I should have never mentioned the leverage aspect because it has you confused into thinking that I think I can make 5 times as much money trading the naked puts. I would never confuse myself into thinking that I can trade naked put positions that are 5 times larger than I can afford to trade in stock position. The risk would be ridiculous. Im not trying to compare 5-1 leveraged puts to owning SPY outright.

My research shows that the long term results are pretty much the same selling naked puts or just buying the stock, but since this is a trading account there are many advantages to selling the puts instead.

If you forget about the 5-1 leverage and compare 10 SPY contracts to 1000 shares of SPY, the puts will lose less money when SPY is down, will make more money when SPY is flat to slightly up and will make less money when SPY is up sharply. Over the long term, the results are basically the same but the naked puts have less variance. Yes or No?

If the market starts dropping, the VIX is going to rise and the weekly puts will have a much higher premium than the current ~0.5%. And again, forget about the 5-1 leverage. It is not possible for the naked puts NOT to outperform SPY in a down market when comparing apples to apples.

Asking about a flash crash is a bit ridiculous. I could ask you what would happen to your buy and hold strategy if a hacker hacks your account and removes all traces of your money. The flash crash was a glitch that will probably never happen again, and even if it does what I see happening is this: the stock drops a sickening amount, the puts get assigned and I have a ton of stock in my account. 5 minutes later the stock is back to its correct price and I have suffered no loss. The next day I have to sell it to prevent a margin call. This assumes that the SEC doesn't bust the entire trade and make this point mute.
 
Clifp and Nords,

With regards to how long doing this stuff takes, I happen to really enjoy it (other than doing the taxes). So saying it just takes too much time is like saying watching football all day long on Sunday is a waste of time. Not if you love football its not. I would be happier if the market was only closed one day per week instead of two. If it ever becomes like work I will stop trading. I used to play what I would call semi pro poker. I played 10-15 hours per week and did very well. Eventually I started to think of it as a part time job and it got monotonous and I quit playing for the most part.
 
It is not possible for the naked puts NOT to outperform SPY in a down market when comparing apples to apples.

Not so sure about that. You are not collecting divs, so the premiums have to overcome that. Plus, you can get whip-sawed. If SPY drops more than your premium, you have a loss (as does the SPY B&H). If SPY recovers to within 1% the next week, the B&H has a 1% loss, you may have more than that if the next week's premium isn't sufficient to cover the loss.

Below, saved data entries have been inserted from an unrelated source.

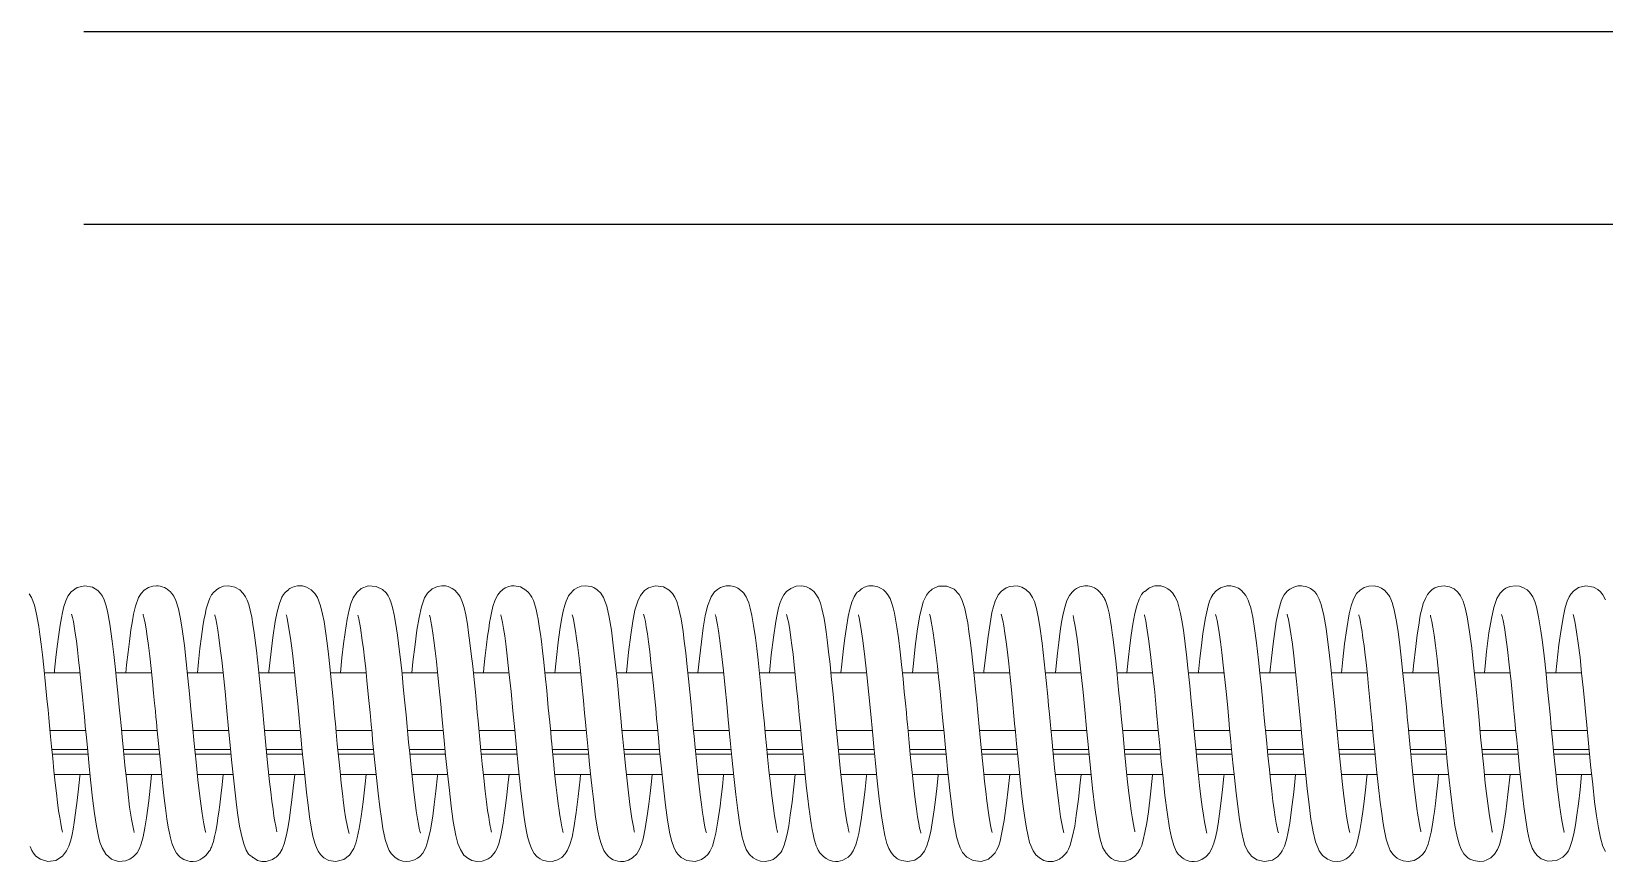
# Model space of a CAD drawing. Extents: x 20 to 307, y 41 to 248.
# Drawn here: x 152.93 to 168.33, y 213.97 to 222.1 of the extents above; entities that cross this region are included whole.
import ezdxf

# ---------------------------------------------------------------- set-up
doc = ezdxf.new("R2010")
doc.units = 0
doc.header["$LTSCALE"] = 0.5
doc.header["$MEASUREMENT"] = 0
doc.layers.get('0').update_dxf_attribs({"linetype": 'CONTINUOUS'})
doc.layers.add('PEN1', color=4, linetype='CONTINUOUS')

msp = doc.modelspace()

# ---------------------------------------------------------------- linework, layer by layer
for p, q in [((153.441, 222.095), (272.685, 222.095)), ((153.441, 220.21), (250.089, 220.21))]:
    msp.add_line(p, q)
at = {"layer": 'PEN1', "linetype": 'Continuous', "lineweight": 15}
for p, q in [((153.403, 215.816), (153.053, 215.816)), ((154.103, 215.816), (153.753, 215.816)), ((154.803, 215.816), (154.453, 215.816)), ((155.503, 215.816), (155.153, 215.816)), ((156.203, 215.816), (155.853, 215.816)), ((156.903, 215.816), (156.554, 215.816)), ((157.603, 215.816), (157.253, 215.816)), ((158.303, 215.816), (157.953, 215.816)), ((159.003, 215.816), (158.653, 215.816)), ((159.703, 215.816), (159.353, 215.816)), ((160.403, 215.816), (160.054, 215.816)), ((161.103, 215.816), (160.753, 215.816)), ((161.803, 215.816), (161.453, 215.816)), ((162.503, 215.816), (162.153, 215.816)), ((163.203, 215.816), (162.853, 215.816)), ((163.903, 215.816), (163.554, 215.816)), ((164.603, 215.816), (164.253, 215.816)), ((165.303, 215.816), (164.954, 215.816)), ((166.003, 215.816), (165.653, 215.816)), ((166.703, 215.816), (166.354, 215.816)), ((167.403, 215.816), (167.053, 215.816)), ((168.103, 215.816), (167.754, 215.816)), ((153.459, 215.25), (153.109, 215.25)), ((154.159, 215.25), (153.809, 215.25)), ((154.859, 215.25), (154.509, 215.25)), ((155.559, 215.25), (155.209, 215.25)), ((156.259, 215.25), (155.909, 215.25)), ((156.959, 215.25), (156.609, 215.25)), ((157.659, 215.25), (157.309, 215.25)), ((158.359, 215.25), (158.009, 215.25)), ((159.059, 215.25), (158.709, 215.25)), ((159.759, 215.25), (159.409, 215.25)), ((160.459, 215.25), (160.109, 215.25)), ((161.159, 215.25), (160.809, 215.25)), ((161.859, 215.25), (161.509, 215.25)), ((162.559, 215.25), (162.209, 215.25)), ((163.259, 215.25), (162.909, 215.25)), ((163.959, 215.25), (163.609, 215.25)), ((164.659, 215.25), (164.309, 215.25)), ((165.359, 215.25), (165.009, 215.25)), ((166.059, 215.25), (165.709, 215.25)), ((166.759, 215.25), (166.409, 215.25)), ((167.459, 215.25), (167.109, 215.25)), ((168.159, 215.25), (167.809, 215.25)), ((153.476, 215.065), (153.126, 215.065)), ((153.131, 215.019), (153.481, 215.019)), ((154.176, 215.065), (153.826, 215.065)), ((153.831, 215.019), (154.181, 215.019)), ((154.876, 215.065), (154.526, 215.065)), ((154.531, 215.019), (154.881, 215.019)), ((155.576, 215.065), (155.226, 215.065)), ((155.231, 215.019), (155.581, 215.019)), ((156.276, 215.065), (155.926, 215.065)), ((155.931, 215.019), (156.281, 215.019)), ((156.976, 215.065), (156.626, 215.065)), ((156.631, 215.019), (156.981, 215.019)), ((157.676, 215.065), (157.326, 215.065)), ((157.331, 215.019), (157.681, 215.019)), ((158.376, 215.065), (158.026, 215.065)), ((158.031, 215.019), (158.381, 215.019)), ((159.076, 215.065), (158.726, 215.065)), ((158.731, 215.019), (159.081, 215.019)), ((159.776, 215.065), (159.426, 215.065)), ((159.431, 215.019), (159.781, 215.019)), ((160.476, 215.065), (160.126, 215.065)), ((160.131, 215.019), (160.481, 215.019)), ((161.176, 215.065), (160.826, 215.065)), ((160.831, 215.019), (161.181, 215.019)), ((161.876, 215.065), (161.526, 215.065)), ((161.531, 215.019), (161.881, 215.019)), ((162.576, 215.065), (162.226, 215.065)), ((162.231, 215.019), (162.581, 215.019)), ((163.276, 215.065), (162.926, 215.065)), ((162.931, 215.019), (163.281, 215.019)), ((163.976, 215.065), (163.626, 215.065)), ((163.631, 215.019), (163.981, 215.019)), ((164.676, 215.065), (164.326, 215.065)), ((164.331, 215.019), (164.681, 215.019)), ((165.376, 215.065), (165.026, 215.065)), ((165.031, 215.019), (165.381, 215.019)), ((166.076, 215.065), (165.726, 215.065)), ((165.731, 215.019), (166.081, 215.019)), ((166.776, 215.065), (166.426, 215.065)), ((166.431, 215.019), (166.781, 215.019)), ((167.476, 215.065), (167.126, 215.065)), ((167.131, 215.019), (167.481, 215.019)), ((168.176, 215.065), (167.826, 215.065)), ((167.831, 215.019), (168.181, 215.019)), ((153.151, 214.821), (153.501, 214.821)), ((153.851, 214.821), (154.201, 214.821)), ((154.551, 214.821), (154.901, 214.821)), ((155.251, 214.821), (155.601, 214.821)), ((155.951, 214.821), (156.301, 214.821)), ((156.651, 214.821), (157.001, 214.821)), ((157.351, 214.821), (157.701, 214.821)), ((158.051, 214.821), (158.401, 214.821)), ((158.751, 214.821), (159.101, 214.821)), ((159.451, 214.821), (159.801, 214.821)), ((160.151, 214.821), (160.501, 214.821)), ((160.851, 214.821), (161.201, 214.821)), ((161.551, 214.821), (161.901, 214.821)), ((162.251, 214.821), (162.601, 214.821)), ((162.951, 214.821), (163.301, 214.821)), ((163.651, 214.821), (164.001, 214.821)), ((164.351, 214.821), (164.701, 214.821)), ((165.051, 214.821), (165.401, 214.821)), ((165.751, 214.821), (166.101, 214.821)), ((166.451, 214.821), (166.801, 214.821)), ((167.151, 214.821), (167.501, 214.821)), ((167.851, 214.821), (168.201, 214.821))]:
    msp.add_line(p, q, dxfattribs=at)
at = {"layer": 'PEN1', "linetype": 'Continuous', "lineweight": 15, "flags": 128}
for points in [[(153.23, 214.258), (153.23, 214.257), (153.228, 214.27), (153.222, 214.299), (153.213, 214.342), (153.204, 214.398), (153.193, 214.466), (153.183, 214.545), (153.171, 214.637), (153.16, 214.74), (153.147, 214.855), (153.135, 214.979), (153.123, 215.094), (153.114, 215.194), (153.104, 215.3), (153.097, 215.374), (153.089, 215.452), (153.079, 215.562), (153.065, 215.703), (153.048, 215.87), (153.035, 215.991), (153.022, 216.098), (153.01, 216.19), (152.998, 216.269), (152.977, 216.39), (152.957, 216.477), (152.928, 216.553), (152.905, 216.59)], [(153.933, 214.252), (153.933, 214.253), (153.928, 214.272), (153.922, 214.3), (153.906, 214.383), (153.888, 214.502), (153.869, 214.656), (153.856, 214.777), (153.842, 214.911), (153.827, 215.057), (153.814, 215.189), (153.804, 215.301), (153.795, 215.391), (153.787, 215.48), (153.776, 215.587), (153.764, 215.711), (153.75, 215.849), (153.734, 215.994), (153.718, 216.126), (153.695, 216.291), (153.671, 216.418), (153.655, 216.482), (153.639, 216.529), (153.621, 216.566), (153.604, 216.591), (153.576, 216.621), (153.526, 216.653), (153.45, 216.668), (153.373, 216.651), (153.317, 216.61), (153.283, 216.565), (153.263, 216.522), (153.244, 216.465), (153.231, 216.408), (153.22, 216.353), (153.208, 216.284), (153.194, 216.192), (153.179, 216.073), (153.167, 215.965), (153.153, 215.843), (153.151, 215.816)], [(154.633, 214.252), (154.632, 214.258), (154.624, 214.29), (154.614, 214.338), (154.604, 214.397), (154.594, 214.463), (154.575, 214.609), (154.557, 214.768), (154.539, 214.941), (154.521, 215.123), (154.504, 215.301), (154.488, 215.461), (154.474, 215.61), (154.459, 215.764), (154.442, 215.924), (154.424, 216.082), (154.402, 216.242), (154.385, 216.346), (154.365, 216.442), (154.34, 216.525), (154.32, 216.567), (154.302, 216.594), (154.284, 216.611), (154.274, 216.619), (154.268, 216.624), (154.262, 216.629), (154.255, 216.635), (154.247, 216.64), (154.228, 216.651), (154.207, 216.659), (154.187, 216.665), (154.167, 216.668), (154.15, 216.668), (154.115, 216.665), (154.073, 216.651), (154.032, 216.625), (154.001, 216.591), (153.976, 216.552), (153.946, 216.47), (153.927, 216.391), (153.915, 216.326), (153.901, 216.238), (153.886, 216.124), (153.873, 216.018), (153.859, 215.895), (153.851, 215.816)], [(155.328, 214.26), (155.329, 214.262), (155.327, 214.275), (155.323, 214.295), (155.318, 214.317), (155.313, 214.345), (155.307, 214.376), (155.301, 214.413), (155.292, 214.478), (155.281, 214.558), (155.27, 214.651), (155.259, 214.747), (155.239, 214.935), (155.222, 215.109), (155.205, 215.286), (155.188, 215.471), (155.169, 215.66), (155.15, 215.851), (155.129, 216.036), (155.107, 216.208), (155.095, 216.288), (155.083, 216.362), (155.069, 216.429), (155.054, 216.485), (155.039, 216.527), (155.023, 216.561), (155.001, 216.593), (154.967, 216.627), (154.917, 216.656), (154.859, 216.668), (154.807, 216.663), (154.769, 216.648), (154.742, 216.632), (154.731, 216.623), (154.712, 216.605), (154.691, 216.578), (154.674, 216.548), (154.659, 216.51), (154.638, 216.442), (154.626, 216.386), (154.616, 216.332), (154.606, 216.269), (154.592, 216.171), (154.577, 216.055), (154.562, 215.924), (154.551, 215.816)], [(156.036, 214.245), (156.036, 214.243), (156.033, 214.253), (156.02, 214.307), (156.003, 214.403), (155.993, 214.468), (155.983, 214.544), (155.972, 214.633), (155.96, 214.735), (155.948, 214.849), (155.936, 214.971), (155.921, 215.118), (155.91, 215.235), (155.902, 215.321), (155.897, 215.37), (155.891, 215.436), (155.883, 215.521), (155.873, 215.624), (155.861, 215.744), (155.847, 215.877), (155.834, 216), (155.821, 216.107), (155.805, 216.225), (155.791, 216.318), (155.777, 216.389), (155.758, 216.473), (155.727, 216.554), (155.702, 216.594), (155.666, 216.629), (155.62, 216.655), (155.58, 216.666), (155.553, 216.668), (155.53, 216.667), (155.501, 216.661), (155.47, 216.648), (155.455, 216.64), (155.448, 216.635), (155.442, 216.63), (155.429, 216.62), (155.411, 216.603), (155.394, 216.582), (155.378, 216.556), (155.354, 216.496), (155.332, 216.413), (155.314, 216.318), (155.29, 216.161), (155.27, 215.996), (155.252, 215.828), (155.251, 215.816)], [(156.734, 214.249), (156.735, 214.248), (156.73, 214.265), (156.723, 214.292), (156.715, 214.333), (156.705, 214.387), (156.693, 214.466), (156.683, 214.546), (156.67, 214.648), (156.656, 214.77), (156.644, 214.89), (156.63, 215.03), (156.619, 215.138), (156.612, 215.212), (156.605, 215.291), (156.594, 215.405), (156.58, 215.551), (156.567, 215.68), (156.555, 215.806), (156.542, 215.92), (156.531, 216.02), (156.511, 216.185), (156.492, 216.31), (156.478, 216.385), (156.463, 216.455), (156.446, 216.511), (156.433, 216.543), (156.418, 216.571), (156.398, 216.599), (156.363, 216.632), (156.303, 216.661), (156.223, 216.666), (156.156, 216.641), (156.111, 216.603), (156.075, 216.55), (156.052, 216.493), (156.036, 216.433), (156.017, 216.34), (155.997, 216.211), (155.983, 216.099), (155.967, 215.964), (155.951, 215.816)], [(157.431, 214.255), (157.432, 214.255), (157.429, 214.266), (157.425, 214.287), (157.419, 214.314), (157.412, 214.352), (157.403, 214.402), (157.393, 214.469), (157.382, 214.553), (157.369, 214.658), (157.355, 214.784), (157.34, 214.925), (157.327, 215.054), (157.317, 215.163), (157.306, 215.274), (157.299, 215.346), (157.291, 215.432), (157.283, 215.52), (157.273, 215.625), (157.261, 215.747), (157.247, 215.88), (157.233, 216.002), (157.22, 216.111), (157.207, 216.207), (157.195, 216.291), (157.179, 216.384), (157.163, 216.454), (157.148, 216.503), (157.135, 216.537), (157.123, 216.561), (157.112, 216.58), (157.071, 216.625), (157.045, 216.643), (157.007, 216.66), (156.982, 216.666), (156.946, 216.668), (156.901, 216.661), (156.85, 216.638), (156.805, 216.596), (156.776, 216.551), (156.744, 216.462), (156.721, 216.359), (156.701, 216.234), (156.682, 216.092), (156.662, 215.925), (156.651, 215.816)], [(158.133, 214.253), (158.133, 214.253), (158.13, 214.262), (158.125, 214.282), (158.12, 214.309), (158.109, 214.367), (158.1, 214.419), (158.093, 214.469), (158.084, 214.534), (158.074, 214.616), (158.062, 214.718), (158.049, 214.838), (158.038, 214.951), (158.028, 215.046), (158.021, 215.122), (158.016, 215.175), (158.01, 215.23), (158.001, 215.333), (157.987, 215.472), (157.971, 215.642), (157.957, 215.787), (157.942, 215.92), (157.93, 216.031), (157.919, 216.122), (157.909, 216.195), (157.901, 216.251), (157.894, 216.294), (157.887, 216.342), (157.878, 216.386), (157.868, 216.435), (157.855, 216.483), (157.841, 216.525), (157.826, 216.556), (157.812, 216.577), (157.794, 216.601), (157.767, 216.626), (157.742, 216.643), (157.713, 216.658), (157.653, 216.668), (157.626, 216.666), (157.602, 216.661), (157.566, 216.647), (157.542, 216.632), (157.531, 216.623), (157.519, 216.612), (157.493, 216.58), (157.466, 216.529), (157.444, 216.464), (157.43, 216.404), (157.42, 216.354), (157.412, 216.307), (157.403, 216.248), (157.392, 216.176), (157.381, 216.09), (157.369, 215.986), (157.356, 215.865), (157.351, 215.816)], [(158.831, 214.255), (158.829, 214.263), (158.823, 214.292), (158.805, 214.389), (158.785, 214.528), (158.764, 214.699), (158.745, 214.876), (158.729, 215.035), (158.717, 215.166), (158.708, 215.258), (158.697, 215.371), (158.684, 215.507), (158.663, 215.725), (158.642, 215.921), (158.623, 216.087), (158.604, 216.232), (158.583, 216.361), (158.559, 216.469), (158.527, 216.555), (158.501, 216.595), (158.465, 216.63), (158.431, 216.65), (158.406, 216.66), (158.348, 216.668), (158.307, 216.663), (158.276, 216.652), (158.241, 216.631), (158.197, 216.586), (158.185, 216.569), (158.174, 216.548), (158.162, 216.519), (158.148, 216.478), (158.133, 216.42), (158.117, 216.339), (158.101, 216.238), (158.085, 216.115), (158.067, 215.967), (158.053, 215.841), (158.051, 215.816)], [(159.534, 214.25), (159.532, 214.256), (159.526, 214.279), (159.52, 214.309), (159.513, 214.344), (159.505, 214.39), (159.496, 214.45), (159.485, 214.526), (159.473, 214.621), (159.46, 214.736), (159.444, 214.889), (159.431, 215.02), (159.421, 215.121), (159.414, 215.191), (159.406, 215.274), (159.395, 215.392), (159.385, 215.502), (159.372, 215.629), (159.359, 215.758), (159.347, 215.875), (159.332, 216.011), (159.318, 216.126), (159.306, 216.22), (159.286, 216.343), (159.262, 216.457), (159.244, 216.515), (159.226, 216.557), (159.202, 216.594), (159.17, 216.626), (159.116, 216.657), (159.037, 216.668), (158.969, 216.649), (158.928, 216.621), (158.889, 216.574), (158.862, 216.519), (158.835, 216.428), (158.814, 216.321), (158.794, 216.189), (158.773, 216.018), (158.761, 215.916), (158.751, 215.816)], [(160.232, 214.254), (160.232, 214.256), (160.228, 214.272), (160.222, 214.297), (160.213, 214.345), (160.201, 214.416), (160.187, 214.516), (160.174, 214.612), (160.161, 214.728), (160.147, 214.862), (160.134, 214.992), (160.122, 215.104), (160.114, 215.197), (160.107, 215.267), (160.102, 215.317), (160.094, 215.404), (160.082, 215.525), (160.068, 215.678), (160.054, 215.81), (160.04, 215.939), (160.027, 216.055), (160.014, 216.159), (159.997, 216.278), (159.98, 216.376), (159.964, 216.45), (159.949, 216.502), (159.935, 216.537), (159.923, 216.561), (159.912, 216.579), (159.9, 216.596), (159.887, 216.61), (159.842, 216.645), (159.824, 216.654), (159.804, 216.661), (159.772, 216.667), (159.728, 216.667), (159.701, 216.661), (159.672, 216.65), (159.642, 216.632), (159.615, 216.608), (159.58, 216.559), (159.546, 216.47), (159.524, 216.374), (159.504, 216.257), (159.485, 216.119), (159.466, 215.956), (159.451, 215.816)], [(160.93, 214.257), (160.931, 214.256), (160.93, 214.263), (160.927, 214.276), (160.919, 214.313), (160.91, 214.358), (160.891, 214.48), (160.881, 214.559), (160.87, 214.651), (160.848, 214.851), (160.827, 215.054), (160.809, 215.247), (160.791, 215.432), (160.774, 215.608), (160.757, 215.78), (160.745, 215.901), (160.731, 216.022), (160.717, 216.14), (160.706, 216.218), (160.696, 216.287), (160.686, 216.347), (160.675, 216.402), (160.665, 216.447), (160.65, 216.497), (160.631, 216.546), (160.6, 216.596), (160.585, 216.613), (160.571, 216.625), (160.56, 216.633), (160.548, 216.641), (160.515, 216.657), (160.468, 216.668), (160.413, 216.664), (160.361, 216.643), (160.32, 216.613), (160.292, 216.579), (160.272, 216.544), (160.256, 216.504), (160.241, 216.452), (160.227, 216.388), (160.214, 216.317), (160.19, 216.161), (160.17, 215.993), (160.151, 215.816)], [(161.635, 214.246), (161.635, 214.246), (161.633, 214.252), (161.629, 214.267), (161.622, 214.296), (161.613, 214.342), (161.602, 214.405), (161.591, 214.483), (161.579, 214.577), (161.566, 214.686), (161.552, 214.81), (161.534, 214.984), (161.52, 215.132), (161.509, 215.248), (161.503, 215.312), (161.498, 215.362), (161.492, 215.429), (161.483, 215.519), (161.472, 215.629), (161.46, 215.757), (161.445, 215.897), (161.431, 216.021), (161.414, 216.157), (161.399, 216.262), (161.387, 216.341), (161.375, 216.4), (161.363, 216.452), (161.348, 216.504), (161.332, 216.545), (161.311, 216.581), (161.289, 216.608), (161.268, 216.627), (161.246, 216.643), (161.213, 216.658), (161.166, 216.668), (161.138, 216.668), (161.124, 216.666), (161.109, 216.663), (161.082, 216.653), (161.06, 216.64), (161.051, 216.634), (161.043, 216.628), (161.037, 216.623), (161.032, 216.619), (161.023, 216.612), (161.012, 216.604), (161, 216.591), (160.98, 216.559), (160.958, 216.507), (160.939, 216.439), (160.923, 216.366), (160.905, 216.262), (160.89, 216.156), (160.877, 216.053), (160.86, 215.901), (160.851, 215.816)], [(162.332, 214.252), (162.333, 214.251), (162.33, 214.263), (162.317, 214.322), (162.3, 214.423), (162.28, 214.564), (162.27, 214.653), (162.258, 214.752), (162.247, 214.863), (162.234, 214.985), (162.218, 215.15), (162.205, 215.286), (162.195, 215.392), (162.188, 215.464), (162.181, 215.543), (162.17, 215.655), (162.159, 215.759), (162.147, 215.877), (162.133, 216.001), (162.121, 216.108), (162.105, 216.221), (162.093, 216.305), (162.082, 216.365), (162.065, 216.447), (162.036, 216.535), (162.009, 216.583), (161.96, 216.634), (161.888, 216.665), (161.807, 216.663), (161.746, 216.635), (161.71, 216.603), (161.69, 216.576), (161.675, 216.55), (161.658, 216.51), (161.642, 216.455), (161.625, 216.382), (161.602, 216.245), (161.579, 216.074), (161.564, 215.94), (161.551, 215.816)], [(163.032, 214.253), (163.033, 214.254), (163.028, 214.274), (163.02, 214.308), (163.002, 214.407), (162.984, 214.537), (162.965, 214.695), (162.944, 214.885), (162.93, 215.027), (162.916, 215.174), (162.904, 215.303), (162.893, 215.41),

Markets rarely go straight up/down in a linear fashion, they bump/bounce along their way.

And then over the long run, that has to exceed the opportunity cost of a rising market (plus the divs I mentioned).

Not saying it won't work, but I do think that 'not possible' is over-stating it, and not really very relevant since markets go up and down.

-ERD50
 
Im not trying to compare 5-1 leveraged puts to owning SPY outright.

But that's exactly what you did in post #190. From that post:

It takes about $27500 in margin for every 10 contracts. Over these 52 weeks, Ive made $21040 for every 10 contracts sold. Thats a return on margin of 76.5%. SPY returned 15.9% (not counting dividends) over these 52 weeks.

All I did in post #192 was point out that without margin the naked put strategy underperformed SPY over this particular time period.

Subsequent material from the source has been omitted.